Archive for February 24, 2011

Pagination is better than scrolling for digital texts

This is an interesting argument that I hadn’t met previously: Pagination is better for long digital texts because it’s easier for sustained reading.  What are the implications for reading source code?  Is pagination (and perhaps formatting via something like Knuth’s WEB) better than a scroll bar?

Let’s put it under the umbrella term ‘scrollable’. Scrollable content works very well for two or three screenfuls of content, because it lets you adjust, pixel by pixel or line by line, to your changing context. You can say “I want this thing on the screen, and this nearby thing on the screen at the same time”, which is often useful — particularly if the content has varied elements like buttons and links and images as well as text. That is to say, scrollable content generally works very well for web pages.

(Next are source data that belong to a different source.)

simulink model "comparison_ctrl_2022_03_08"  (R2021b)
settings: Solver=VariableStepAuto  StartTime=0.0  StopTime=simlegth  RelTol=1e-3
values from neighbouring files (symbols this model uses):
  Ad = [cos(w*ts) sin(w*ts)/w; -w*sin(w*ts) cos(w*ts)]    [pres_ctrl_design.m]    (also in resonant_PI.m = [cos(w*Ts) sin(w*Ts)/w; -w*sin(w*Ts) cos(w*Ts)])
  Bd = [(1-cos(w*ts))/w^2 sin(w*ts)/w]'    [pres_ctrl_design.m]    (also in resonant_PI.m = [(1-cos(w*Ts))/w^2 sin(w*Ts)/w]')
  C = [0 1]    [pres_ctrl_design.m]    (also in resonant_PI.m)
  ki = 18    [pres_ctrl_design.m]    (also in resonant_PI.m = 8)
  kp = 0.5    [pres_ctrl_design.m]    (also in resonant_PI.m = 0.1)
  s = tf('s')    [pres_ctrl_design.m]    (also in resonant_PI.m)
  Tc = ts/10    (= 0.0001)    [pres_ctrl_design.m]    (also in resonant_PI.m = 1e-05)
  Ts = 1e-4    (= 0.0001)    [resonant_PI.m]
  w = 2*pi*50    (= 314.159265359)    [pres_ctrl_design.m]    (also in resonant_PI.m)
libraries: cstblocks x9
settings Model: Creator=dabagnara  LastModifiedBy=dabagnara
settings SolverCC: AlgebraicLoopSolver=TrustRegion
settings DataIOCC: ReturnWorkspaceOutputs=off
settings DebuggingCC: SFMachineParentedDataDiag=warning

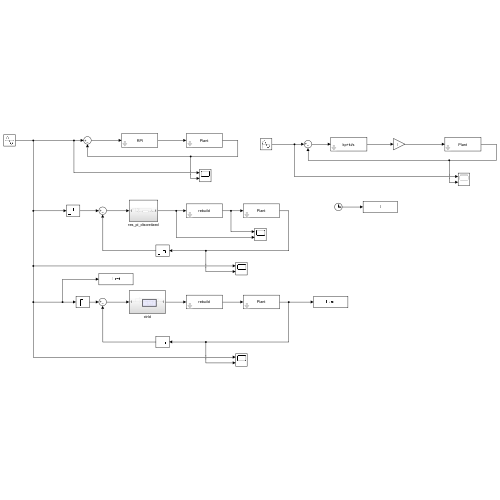
[thumbnail: Simulink's stored preview of the top-level diagram]
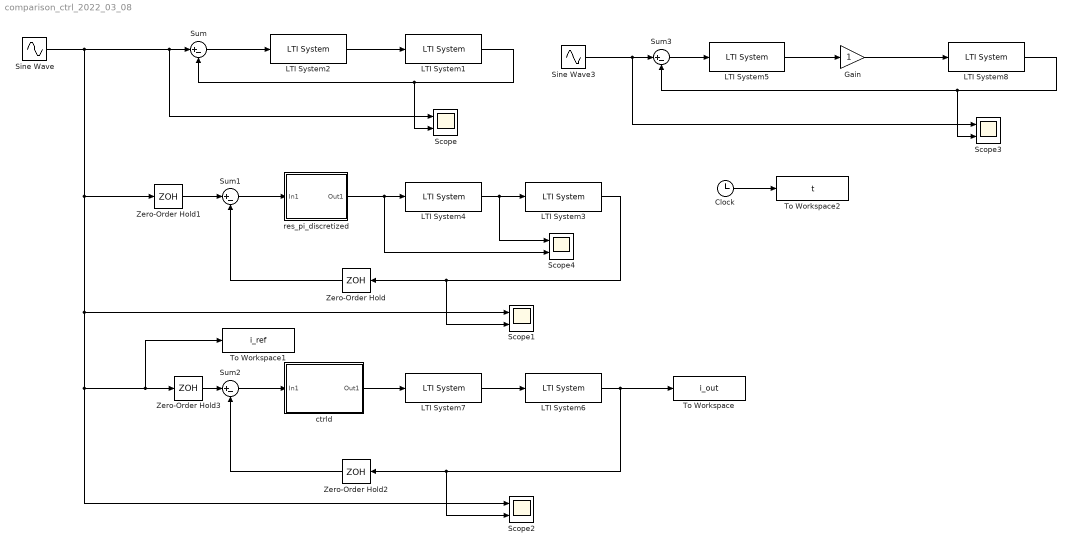
== system comparison_ctrl_2022_03_08 ==
  Clock : Clock
  Gain : Gain
  LTI System{1,3,6,8} (4 alike) : cstblocks/LTI System  sys=Plant  IC=[]
  LTI System2 : cstblocks/LTI System  sys=RPI  IC=[0]
  LTI System4 : cstblocks/LTI System  sys=rebuild  IC=[0]
  LTI System5 : cstblocks/LTI System  sys=kp+ki/s  IC=[]
  LTI System7 : cstblocks/LTI System  sys=rebuild  IC=[0]
  Scope{,1..4} (5 alike) : Scope  NumInputPorts=2
  Sine Wave : Sin  Frequency=w  SampleTime=0
  Sine Wave3 : Sin  Frequency=w  SampleTime=0
  Sum{,1..3} (4 alike) : Sum  Inputs=|+-
  To Workspace : ToWorkspace  VariableName=i_out  SampleTime=Tc
  To Workspace1 : ToWorkspace  VariableName=i_ref  SampleTime=Tc
  To Workspace2 : ToWorkspace  VariableName=t  SampleTime=Tc
  Zero-Order Hold{,1..3} (4 alike) : ZeroOrderHold  SampleTime=Ts
  ctrld : Subsystem
  res_pi_discretized : Subsystem
  wires:
  Sum/1 -> LTI System2/1
  LTI System2/1 -> LTI System1/1
  LTI System1/1 -> Scope/2, Sum/2
  Sum1/1 -> res_pi_discretized/1(In1)
  Zero-Order Hold/1 -> Sum1/2
  Zero-Order Hold1/1 -> Sum1/1
  res_pi_discretized/1(Out1) -> Scope4/2, LTI System4/1
  LTI System4/1 -> Scope4/1, LTI System3/1
  LTI System7/1 -> LTI System6/1
  Zero-Order Hold3/1 -> Sum2/1
  Zero-Order Hold2/1 -> Sum2/2
  Sine Wave/1 -> Scope/1, Sum/1, Zero-Order Hold1/1, Scope1/1, To Workspace1/1, Zero-Order Hold3/1, Scope2/1
  LTI System6/1 -> Scope2/2, Zero-Order Hold2/1, To Workspace/1
  Sum2/1 -> ctrld/1(In1)
  ctrld/1(Out1) -> LTI System7/1
  Sine Wave3/1 -> Sum3/1, Scope3/1
  LTI System8/1 -> Sum3/2, Scope3/2
  LTI System5/1 -> Gain/1
  Sum3/1 -> LTI System5/1
  Gain/1 -> LTI System8/1
  LTI System3/1 -> Zero-Order Hold/1, Scope1/2
  Clock/1 -> To Workspace2/1

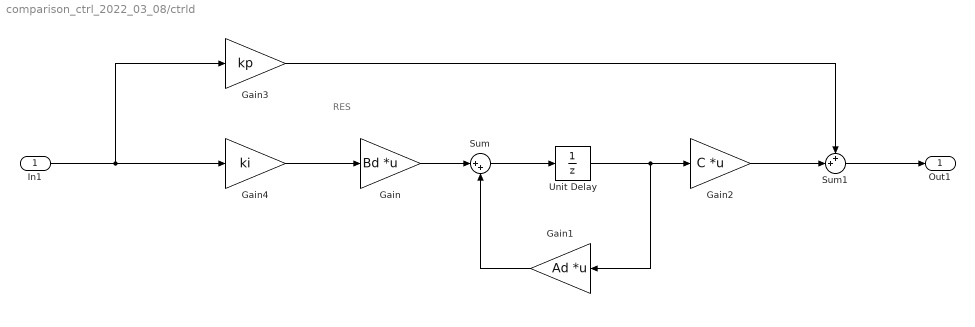
== system comparison_ctrl_2022_03_08/ctrld ==
  note: RES
  In1 : Inport
  Gain : Gain  Gain=Bd  Multiplication=Matrix(K*u)
  Gain1 : Gain  Gain=Ad  Multiplication=Matrix(K*u)
  Gain2 : Gain  Gain=C  Multiplication=Matrix(K*u)
  Gain3 : Gain  Gain=kp
  Gain4 : Gain  Gain=ki
  Sum : Sum  Inputs=|++
  Sum1 : Sum  Inputs=++|
  Unit Delay : UnitDelay  SampleTime=Ts  HasFrameUpgradeWarning=on
  Out1 : Outport
  wires:
  In1/1 -> Gain4/1, Gain3/1
  Sum/1 -> Unit Delay/1
  Gain/1 -> Sum/1
  Gain1/1 -> Sum/2
  Unit Delay/1 -> Gain2/1, Gain1/1
  Gain4/1 -> Gain/1
  Gain2/1 -> Sum1/2
  Sum1/1 -> Out1/1
  Gain3/1 -> Sum1/1

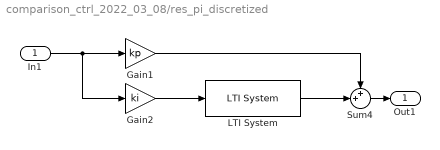
== system comparison_ctrl_2022_03_08/res_pi_discretized ==
  In1 : Inport
  Gain1 : Gain  Gain=kp
  Gain2 : Gain  Gain=ki
  LTI System : cstblocks/LTI System  sys=RESd3  IC=[]
  Sum4 : Sum  Inputs=++|
  Out1 : Outport
  wires:
  In1/1 -> Gain2/1, Gain1/1
  LTI System/1 -> Sum4/2
  Gain1/1 -> Sum4/1
  Sum4/1 -> Out1/1
  Gain2/1 -> LTI System/1

But for anything of real length, it is seriously hard work. It’s important to realise what you’re doing when you’re scrolling. You’re gazing at the line you were reading as you draw it up the screen, to near the top. When it gets to the top, you can continue reading. You do this very quickly, so it doesn’t really register as hard work. Except that it changes your behaviour — because a misfire sucks. A misfire occurs when you scroll too far too rapidly, and the line you were reading disappears off the top of the screen. In this case, you have to scroll in the other direction and try to recognise your line — but how well do you remember it? Not necessarily by sight, so immediately you have to start reading again, just to find where you were.

Beyond this, even if you have startling accuracy, still you are doing a lot of work, because your eyes must track your current line as it animates across the screen. For sustained reading, this quickly gets physically tiring.

Pagination works for long text, not because it has a real-world analogy to printed books or whatever, but because it maximises your interface: you read the entire screenful of text, then with a single command, you request an entirely new screenful of text. There’s very little wastage of attention or effort. You can safely blink as you turn.

via if:book: a defense of pagination.